For Immediate Release
William B. Masterson
(414) 636-5793


               CASE CORPORATION SHAREHOLDERS APPROVE MERGER WITH
                                  NEW HOLLAND

Racine, Wisconsin (August 17, 1999)--Shareholders of Case Corporation (NYSE:CSE)
approved the company's proposed merger with New Holland N.V. (NYSE:NH) at a
special shareholders' meeting held today in Racine, Wisconsin.  Approximately 99
percent of shareholders present and voting approved the merger.  The number of
shares voting for the merger represents approximately 71 percent of the total
number of shares outstanding and entitled to vote.

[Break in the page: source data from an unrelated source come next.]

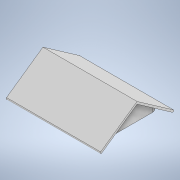
# Autodesk Inventor part: small_top
Saved by Autodesk Inventor 2021 (Build 250183000, 183)
## iProperties
Created: 2021-08-22
Part Number: small_top
Material: Generisch
Document SubType Name: Modeling
Designer: Tilman
Density: 1 g/cm^3
Appearance: Vorgabe
Author: Tilman
Autodesk Inventor part; units mm, degrees
ref_plane "YZ Plane" through (0, 0, 0) normal (1, 0, 0) x (0, 1, 0)
ref_plane "XZ Plane" through (0, 0, 0) normal (0, 1, 0) x (-1, 0, 0)
ref_plane "XY Plane" through (0, 0, 0) normal (0, 0, 1) x (1, 0, 0)
sketch "Skizze1" plane through (0, 0, 0) normal (0, 1, 0) x (-1, 0, 0)
  line L0 (28.5, 24.5) -> (-28.5, 24.5)
  line L1 (-33.5, 19.5) -> (-33.5, -19.5)
  line L2 (-28.5, -24.5) -> (28.5, -24.5)
  line L3 (33.5, -19.5) -> (33.5, 19.5)
  arc A0 (28.5, -24.5) -> (33.5, -19.5) centre (28.5, -19.5) ccw
  arc A1 (-33.5, -19.5) -> (-28.5, -24.5) centre (-28.5, -19.5) ccw
  arc A2 (-28.5, 24.5) -> (-33.5, 19.5) centre (-28.5, 19.5) ccw
  arc A3 (33.5, 19.5) -> (28.5, 24.5) centre (28.5, 19.5) ccw
  point P0 (0, 0)
  point P1 (-33.5, -24.5)
  point P2 (-33.5, 24.5)
  point P3 (33.5, -24.5)
  point P4 (-33.5, 0)
  point P5 (0, -24.5)
  dimension "d0" = 67
  dimension "d1" = 49
  dimension "d2" = 5
  constraints: 8 end point, 8 point on circle, 8 tangent, 6 point on line, 4 centre point, 3 equal radius, 2 midpoint, 2 parallel, 1 horizontal, 1 horizontal alignment, 1 perpendicular, 1 vertical alignment
  measures "d0" distance of point (33.5, -24.5) point (-33.5, -24.5)
  measures "d1" distance of point (-33.5, -24.5) point (-33.5, 24.5)
  measures "d2" radius of A0
extrude "Extrusion1" add sketch "Skizze1" along normal blind 2
sketch "Skizze2" plane through (0, 0, 0) normal (1, 0, 0) x (0, 1, 0)
  line L0 (0, -19.5) -> (0, 19.5) projected
  line L1 (0, 19.5) -> (2, 19.5) projected
  line L2 (2, -19.5) -> (2, 19.5) projected
  line L3 (0, -19.5) -> (2, -19.5) projected
  line L4 (0, -24.5) -> (0, -19.5) projected
  line L5 (0, -19.5) -> (2, -19.5) projected
  line L6 (2, -24.5) -> (2, -19.5) projected
  line L7 (0, -24.5) -> (2, -24.5) projected
  line L8 (0, 19.5) -> (0, 24.5) projected
  line L9 (0, 24.5) -> (2, 24.5) projected
  line L10 (2, 19.5) -> (2, 24.5) projected
  line L11 (0, 19.5) -> (2, 19.5) projected
  line L12 (-1.8519, 30.001) -> (19.1551, 0)
  line L13 (19.1551, 0) -> (-1.8519, -30.001)
  line L14 (-0.5098, 30.9407) -> (21.1551, 0)
  line L15 (21.1551, 0) -> (-0.5098, -30.9407)
  arc A0 (-0.5098, 30.9407) -> (-1.8519, 30.001) centre (-1.1808, 30.4709) ccw
  arc A1 (-1.8519, -30.001) -> (-0.5098, -30.9407) centre (-1.1808, -30.4709) ccw
  line L16 (-2, 38.9986) -> (-2, -40.7887) construction
  point P0 (0, 0)
  point P1 (2, 0)
  dimension "d5" = 35
  dimension "d7" = 2
  dimension "d8" = 2
  constraints: 10 end point, 6 tangent, 4 point on circle, 3 parallel, 2 centre point, 2 horizontal alignment, 2 point on line, 1 equal length, 1 midpoint, 1 vertical alignment
  measures "d5" angle of L2 L12
  measures "d7" distance of L14.end L12.end
  measures "d8" distance from line of point (0, 0) L16
extrude "Extrusion2" add sketch "Skizze2" along normal mid plane 80 contours L13 L12 A0 L14 L15 A1
sketch "Skizze3" plane through (0, 2, 0) normal (0, 1, 0) x (1, 0, 0)
  arc A0 (28.5, -24.5) -> (33.5, -19.5) centre (28.5, -19.5) ccw projected
  line L0 (-28.5, -24.5) -> (28.5, -24.5) projected
  arc A1 (-33.5, -19.5) -> (-28.5, -24.5) centre (-28.5, -19.5) ccw projected
  line L1 (-33.5, 19.5) -> (-33.5, -19.5) projected
  arc A2 (-28.5, 24.5) -> (-33.5, 19.5) centre (-28.5, 19.5) ccw projected
  line L2 (28.5, 24.5) -> (-28.5, 24.5) projected
  arc A3 (33.5, 19.5) -> (28.5, 24.5) centre (28.5, 19.5) ccw projected
  line L3 (33.5, -19.5) -> (33.5, 19.5) projected
  arc A4 (-28.5, 24.5) -> (-33.5, 19.5) centre (-28.5, 19.5) ccw projected
  arc A5 (-33.5, -19.5) -> (-28.5, -24.5) centre (-28.5, -19.5) ccw projected
  line L4 (-28.5, 24.5) -> (-28.5, -24.5)
  line L5 (28.5, 24.5) -> (-28.5, 24.5) projected
  line L6 (-28.5, -24.5) -> (28.5, -24.5) projected
  line L7 (28.5, 24.5) -> (28.5, -24.5)
  point P0 (0, 0)
  constraints: 4 end point, 2 vertical
extrude "Extrusion3" add sketch "Skizze3" along normal up to next contours L7 A3 L3 A0 | A1 L1 A2 L4
sketch "Skizze4" plane through (0, 0, 0) normal (0, -1, 0) x (1, 0, 0)
  arc A0 (33.5, 19.5) -> (28.5, 24.5) centre (28.5, 19.5) ccw projected
  line L0 (-28.5, 24.5) -> (28.5, 24.5) projected
  arc A1 (-28.5, 24.5) -> (-33.5, 19.5) centre (-28.5, 19.5) ccw projected
  line L1 (-33.5, -19.5) -> (-33.5, 19.5) projected
  arc A2 (-33.5, -19.5) -> (-28.5, -24.5) centre (-28.5, -19.5) ccw projected
  line L2 (28.5, -24.5) -> (-28.5, -24.5) projected
  arc A3 (28.5, -24.5) -> (33.5, -19.5) centre (28.5, -19.5) ccw projected
  line L3 (33.5, 19.5) -> (33.5, -19.5) projected
  line L4 (-26, 17) -> (26, 17)
  line L5 (26, 17) -> (26, -17)
  line L6 (26, -17) -> (-26, -17)
  line L7 (-26, -17) -> (-26, 17)
  line L8 (-28.5, 24.5) -> (28.5, 24.5) projected
  point P0 (0, 0)
  point P1 (26, 0)
  point P2 (33.5, 0)
  point P3 (0, 17)
  point P4 (0, 24.5)
  dimension "d13" = 34
  dimension "d14" = 52
  constraints: 8 end point, 4 midpoint, 2 parallel, 1 horizontal, 1 horizontal alignment, 1 perpendicular, 1 vertical alignment
  measures "d13" distance of L6.end L4.start
  measures "d14" distance of L4.start L4.end
extrude "Extrusion4" add sketch "Skizze4" along normal blind 2 contours L4 L5 L6 L7
sketch "Skizze5" plane through (0, -2, 0) normal (0, -1, 0) x (1, 0, 0)
  line L0 (-15, -15) -> (15, -15)
  line L1 (15, -15) -> (15, 15)
  line L2 (15, 15) -> (-15, 15)
  line L3 (-15, 15) -> (-15, -15)
  point P0 (0, 0)
  point P1 (15, 0)
  point P2 (0, 15)
  dimension "d17" = 30
  constraints: 8 end point, 2 midpoint, 2 parallel, 2 perpendicular, 1 horizontal, 1 horizontal alignment, 1 vertical alignment
  measures "d17" distance of L1.end L2.end
extrude "Extrusion5" cut sketch "Skizze5" against normal up to surface (4 mm away)
sketch "Skizze6" plane through (33.5, 0, 19.5) normal (1, 0, 0) x (0, 0, -1)
  line L0 (0, 0) -> (39, 0) projected
  line L1 (39, 0) -> (39, 5.501) projected
  line L2 (19.5, 19.1551) -> (39, 5.501) projected
  line L3 (0, 5.501) -> (19.5, 19.1551) projected
  line L4 (0, 0) -> (0, 5.501) projected
  line L5 (19.5, 18.5447) -> (38.5, 5.2408)
  line L6 (38.5, 5.2408) -> (38.5, 0.5)
  line L7 (38.5, 0.5) -> (0.5, 0.5)
  line L8 (0.5, 0.5) -> (0.5, 5.2408)
  line L9 (0.5, 5.2408) -> (19.5, 18.5447)
  line L10 (0.5, 5.2408) -> (0.2132, 5.6503)
  line L11 (0, 5.501) -> (19.5, 19.1551) projected
  line L12 (38.5, 5.2408) -> (38.7868, 5.6503)
  line L13 (19.5, 19.1551) -> (39, 5.501) projected
  line L14 (17.5, 17.1443) -> (17.2132, 17.5539)
  line L15 (21.5, 17.1443) -> (21.7868, 17.5539)
  point P0 (19.5, 0)
  dimension "d20" = 0.5
  dimension "d23" = 2
  dimension "d24" = 2
  constraints: 18 end point, 6 point on line, 3 perpendicular, 4 other
  measures "d20" distance between parallel lines of L0 L7
  measures "d23" horizontal distance of L5.start L14.start
  measures "d24" horizontal distance of L15.start L5.start
extrude "Extrusion6" cut sketch "Skizze6" against normal through all contours L3 L14 L9 L10 | L12 L5 L15 L2
equation "\"d24\" = d23"
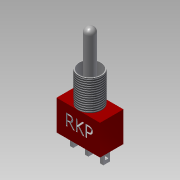
# Autodesk Inventor part: Saklar
Saved by Autodesk Inventor 2015 SP1 (Build 190203100, 203)
## iProperties
Created: 2015-02-14
Part Number: Saklar
Material: Generic
Document SubType Name: Modeling
Designer: Rafi Kurnia Putra
Density: 1 g/cm^3
Appearance: Steel
Author: Rafi Kurnia Putra
Autodesk Inventor part; units mm, degrees
ref_plane "YZ Plane" through (0, 0, 0) normal (1, 0, 0) x (0, 1, 0)
ref_plane "XZ Plane" through (0, 0, 0) normal (0, 1, 0) x (-1, 0, 0)
ref_plane "XY Plane" through (0, 0, 0) normal (0, 0, 1) x (1, 0, 0)
sketch "Sketch1" plane through (0, 0, 0) normal (0, 1, 0) x (-1, 0, 0)
  line L0 (6.5, -3.5) -> (-6.5, -3.5)
  line L1 (-6.5, -3.5) -> (-6.5, 3.5)
  line L2 (-6.5, 3.5) -> (6.5, 3.5)
  line L3 (6.5, 3.5) -> (6.5, -3.5)
  line L4 (6.5, -3.5) -> (-6.5, 3.5) construction
  line L5 (-6.5, -3.5) -> (6.5, 3.5) construction
  point P0 (0, 0)
  dimension "d0" = 13
  dimension "d1" = 7
  constraints: 12 end point, 2 midpoint, 2 parallel, 1 horizontal, 1 perpendicular
  measures "d0" distance of L1.end L2.end
  measures "d1" distance of L0.end L1.end
extrude "Extrusion1" add sketch "Sketch1" along normal blind 9
sketch "Sketch2" plane through (0, 9, 0) normal (0, 1, 0) x (1, 0, 0)
  circle A0 centre (0, 0) radius 3.5
  dimension "d4" = 7
  constraints: 1 centre point, 1 coincident
  measures "d4" diameter of A0
extrude "Extrusion2" add sketch "Sketch2" along normal blind 9
thread "Thread1" size "M3.5x0.6" class "6g" standard "ANSI Metric M Profile" full length
sketch "Sketch3" plane through (0, 0, 0) normal (0, -1, 0) x (1, 0, 0)
  line L0 (0.5, -1) -> (-0.5, -1)
  line L1 (-0.5, -1) -> (-0.5, 1)
  line L2 (-0.5, 1) -> (0.5, 1)
  line L3 (0.5, 1) -> (0.5, -1)
  line L4 (0.5, -1) -> (-0.5, 1) construction
  line L5 (-0.5, -1) -> (0.5, 1) construction
  line L6 (-6.5, -3.5) -> (6.5, -3.5) projected
  line L7 (5, -1) -> (4, -1)
  line L8 (4, -1) -> (4, 1)
  line L9 (4, 1) -> (5, 1)
  line L10 (5, 1) -> (5, -1)
  line L11 (5, -1) -> (4, 1) construction
  line L12 (4, -1) -> (5, 1) construction
  line L13 (-4, -1) -> (-5, -1)
  line L14 (-5, -1) -> (-5, 1)
  line L15 (-5, 1) -> (-4, 1)
  line L16 (-4, 1) -> (-4, -1)
  line L17 (-4, -1) -> (-5, 1) construction
  line L18 (-5, -1) -> (-4, 1) construction
  line L19 (0.5, -1) -> (-0.5, -1)
  line L20 (-0.5, -1) -> (-0.5, 1)
  line L21 (-0.5, 1) -> (0.5, 1)
  line L22 (0.5, 1) -> (0.5, -1)
  line L23 (0.5, -1) -> (-0.5, 1) construction
  line L24 (-0.5, -1) -> (0.5, 1) construction
  point P0 (0, 0)
  dimension "d9" = 1
  dimension "d10" = 2
  dimension "d13" = 4.5
  dimension "d16" = 4.5
  constraints: 48 end point, 3 horizontal, 2 midpoint, 2 parallel, 1 perpendicular, 30 other
  measures "d9" distance of L1.end L2.end
  measures "d10" distance of L0.end L1.end
  measures "d13" distance of L0.start L7.start
  measures "d16" distance of L0.start L13.start
extrude "Extrusion3" add sketch "Sketch3" along normal blind 4
sketch "Sketch4" plane through (5, 0, 1) normal (1, 0, 0) x (0, 0, -1)
  line L0 (0, 0) -> (2, 0) projected
  line L1 (0, 0) -> (0, -4) projected
  line L2 (2, -4) -> (0, -4) projected
  line L3 (2, 0) -> (2, -4) projected
  line L4 (0.75, -3) -> (1.25, -3)
  line L5 (1.5, -2.75) -> (1.5, -1.25)
  line L6 (1.25, -1) -> (0.75, -1)
  line L7 (0.5, -1.25) -> (0.5, -2.75)
  line L8 (0.5, -3) -> (1.5, -1) construction
  line L9 (1.5, -3) -> (0.5, -1) construction
  arc A0 (0.75, -1) -> (0.5, -1.25) centre (0.75, -1.25) ccw
  arc A1 (1.5, -1.25) -> (1.25, -1) centre (1.25, -1.25) ccw
  arc A2 (1.25, -3) -> (1.5, -2.75) centre (1.25, -2.75) ccw
  arc A3 (0.5, -2.75) -> (0.75, -3) centre (0.75, -2.75) ccw
  point P0 (1, 0)
  point P1 (1, -2)
  dimension "d21" = 1
  dimension "d22" = 2
  dimension "d23" = 0.25
  constraints: 12 end point, 8 point on circle, 8 point on line, 8 tangent, 4 centre point, 3 equal radius, 2 midpoint, 2 parallel, 1 horizontal, 1 perpendicular
  measures "d21" distance of L9.end L8.end
  measures "d22" distance of L8.end L9.start
  measures "d23" radius of A0
extrude "Extrusion4" cut sketch "Sketch4" against normal through all contours A3 L7 A0 L6 A1 L5 A2 L4
shell "Shell1" thickness 0.3 removed faces 1 at (-0.4137, 18, -0.4564)
sketch "Sketch5" plane through (0, 9, 0) normal (0, 1, 0) x (1, 0, 0)
  circle A0 centre (0, 0) radius 1.5
  dimension "d27" = 3
  constraints: 1 centre point, 1 coincident
  measures "d27" diameter of A0
extrude "Extrusion5" add sketch "Sketch5" along normal blind 20
fillet "Fillet1" radius 1.5 1 edges at (-1.5, 29, 0)
sketch "Sketch6" plane through (6.5, 0, -3.5) normal (0, 0, -1) x (-1, 0, 0)
  line L0 (2.4376, 6.6133) -> (10.9096, 6.6133) construction
  line L1 (10.9096, 6.6133) -> (10.9096, 3.1133) construction
  line L2 (10.9096, 3.1133) -> (2.4376, 3.1133) construction
  line L3 (2.4376, 3.1133) -> (2.4376, 6.6133) construction
  line L4 (5.5008, 3.1133) -> (4.8966, 3.1133)
  line L5 (4.8966, 3.1133) -> (3.7905, 4.5059)
  line L6 (3.7905, 4.5059) -> (3.2573, 4.5059)
  line L7 (3.2573, 4.5059) -> (3.2573, 3.1133)
  line L8 (3.2573, 3.1133) -> (2.7921, 3.1133)
  line L9 (2.7921, 3.1133) -> (2.7921, 6.6133)
  line L10 (2.7921, 6.6133) -> (3.6941, 6.6133)
  spline S0 degree 2 poles (3.6941, 6.6133) (3.9947, 6.6133) (4.4003, 6.548) (4.5847, 6.4289) knots 0 0 0 1 2 2 2
  spline S1 degree 2 poles (4.5847, 6.4289) (4.769, 6.3098) (4.9817, 5.9382) (4.9817, 5.6631) knots 0 0 0 1 2 2 2
  spline S2 degree 2 poles (4.9817, 5.6631) (4.9817, 5.2802) (4.5903, 4.7611) (4.2556, 4.6363) knots 0 0 0 1 2 2 2
  line L11 (4.2556, 4.6363) -> (5.5008, 3.1133)
  spline S3 degree 2 poles (4.4967, 5.6262) (4.4967, 5.7794) (4.389, 6.0148) (4.2755, 6.0914) knots 0 0 0 1 2 2 2
  spline S4 degree 2 poles (4.2755, 6.0914) (4.1762, 6.1566) (3.9125, 6.2105) (3.7196, 6.2105) knots 0 0 0 1 2 2 2
  line L12 (3.7196, 6.2105) -> (3.2573, 6.2105)
  line L13 (3.2573, 6.2105) -> (3.2573, 4.8945)
  line L14 (3.2573, 4.8945) -> (3.6657, 4.8945)
  spline S5 degree 2 poles (3.6657, 4.8945) (3.8671, 4.8945) (4.1876, 4.9654) (4.2982, 5.076) knots 0 0 0 1 2 2 2
  spline S6 degree 2 poles (4.2982, 5.076) (4.4003, 5.1724) (4.4967, 5.4447) (4.4967, 5.6262) knots 0 0 0 1 2 2 2
  line L15 (8.3314, 3.1133) -> (7.7273, 3.1133)
  line L16 (7.7273, 3.1133) -> (6.4481, 4.7413)
  line L17 (6.4481, 4.7413) -> (6.2439, 4.5116)
  line L18 (6.2439, 4.5116) -> (6.2439, 3.1133)
  line L19 (6.2439, 3.1133) -> (5.7787, 3.1133)
  line L20 (5.7787, 3.1133) -> (5.7787, 6.6133)
  line L21 (5.7787, 6.6133) -> (6.2439, 6.6133)
  line L22 (6.2439, 6.6133) -> (6.2439, 5.0051)
  line L23 (6.2439, 5.0051) -> (7.6791, 6.6133)
  line L24 (7.6791, 6.6133) -> (8.2463, 6.6133)
  line L25 (8.2463, 6.6133) -> (6.797, 5.0504)
  line L26 (6.797, 5.0504) -> (8.3314, 3.1133)
  spline S7 degree 2 poles (10.8217, 5.5581) (10.8217, 5.3312) (10.66, 4.9228) (10.5154, 4.781) knots 0 0 0 1 2 2 2
  spline S8 degree 2 poles (10.5154, 4.781) (10.3338, 4.6023) (9.8432, 4.418) (9.4688, 4.418) knots 0 0 0 1 2 2 2
  line L27 (9.4688, 4.418) -> (9.0745, 4.418)
  line L28 (9.0745, 4.418) -> (9.0745, 3.1133)
  line L29 (9.0745, 3.1133) -> (8.6094, 3.1133)
  line L30 (8.6094, 3.1133) -> (8.6094, 6.6133)
  line L31 (8.6094, 6.6133) -> (9.4886, 6.6133)
  spline S9 degree 2 poles (9.4886, 6.6133) (9.8006, 6.6133) (10.2374, 6.5111) (10.4048, 6.3949) knots 0 0 0 1 2 2 2
  spline S10 degree 2 poles (10.4048, 6.3949) (10.6005, 6.2616) (10.8217, 5.8503) (10.8217, 5.5581) knots 0 0 0 1 2 2 2
  spline S11 degree 2 poles (10.3367, 5.544) (10.3367, 5.7255) (10.2119, 5.9921) (10.0842, 6.0772) knots 0 0 0 1 2 2 2
  spline S12 degree 2 poles (10.0842, 6.0772) (9.9736, 6.1509) (9.6787, 6.2105) (9.4603, 6.2105) knots 0 0 0 1 2 2 2
  line L32 (9.4603, 6.2105) -> (9.0745, 6.2105)
  line L33 (9.0745, 6.2105) -> (9.0745, 4.815)
  line L34 (9.0745, 4.815) -> (9.3922, 4.815)
  spline S13 degree 2 poles (9.3922, 4.815) (9.6758, 4.815) (10.0247, 4.9058) (10.1381, 5.0249) knots 0 0 0 1 2 2 2
  spline S14 degree 2 poles (10.1381, 5.0249) (10.2431, 5.1299) (10.3367, 5.3766) (10.3367, 5.544) knots 0 0 0 1 2 2 2
  point P0 (6.5, 0)
  constraints: 2 other
extrude "Extrusion6" cut sketch "Sketch6" against normal through all
body "Solid1"

The proposed merger between Case and New Holland was announced on May 17, 1999,
and is expected to close in the fourth quarter of this year pending regulatory
approval.  Under the terms of the merger agreement, Case shareholders will
receive $55 per share in cash.

"Together, Case and New Holland will create a $12 billion company that will
reach more farm and construction equipment customers that any other company in
the world," Jean-Pierre Rosso, Case chairman and chief executive officer, told
shareholders.  "The merged company will have the size and scope to benefit
customers, employees, shareholders and other partners in ways that would be
beyond the reach of either company alone."

Rosso will serve as chairman and chief executive officer of the merged company.

Case's and New Holland's product line strength, geographic sales distribution
and business mix are highly complementary.  The brands of both companies and the
respective distribution networks will be maintained following the merger.

Case Corporation is a leading worldwide designer, manufacturer and distributor
of agricultural and construction equipment, and offers a broad array of
financial products and services. Headquartered in Racine, Wisconsin, Case had
1998 revenues of $6.1 billion and sells its products in 150 countries through a
network of approximately 4,900 independent dealers.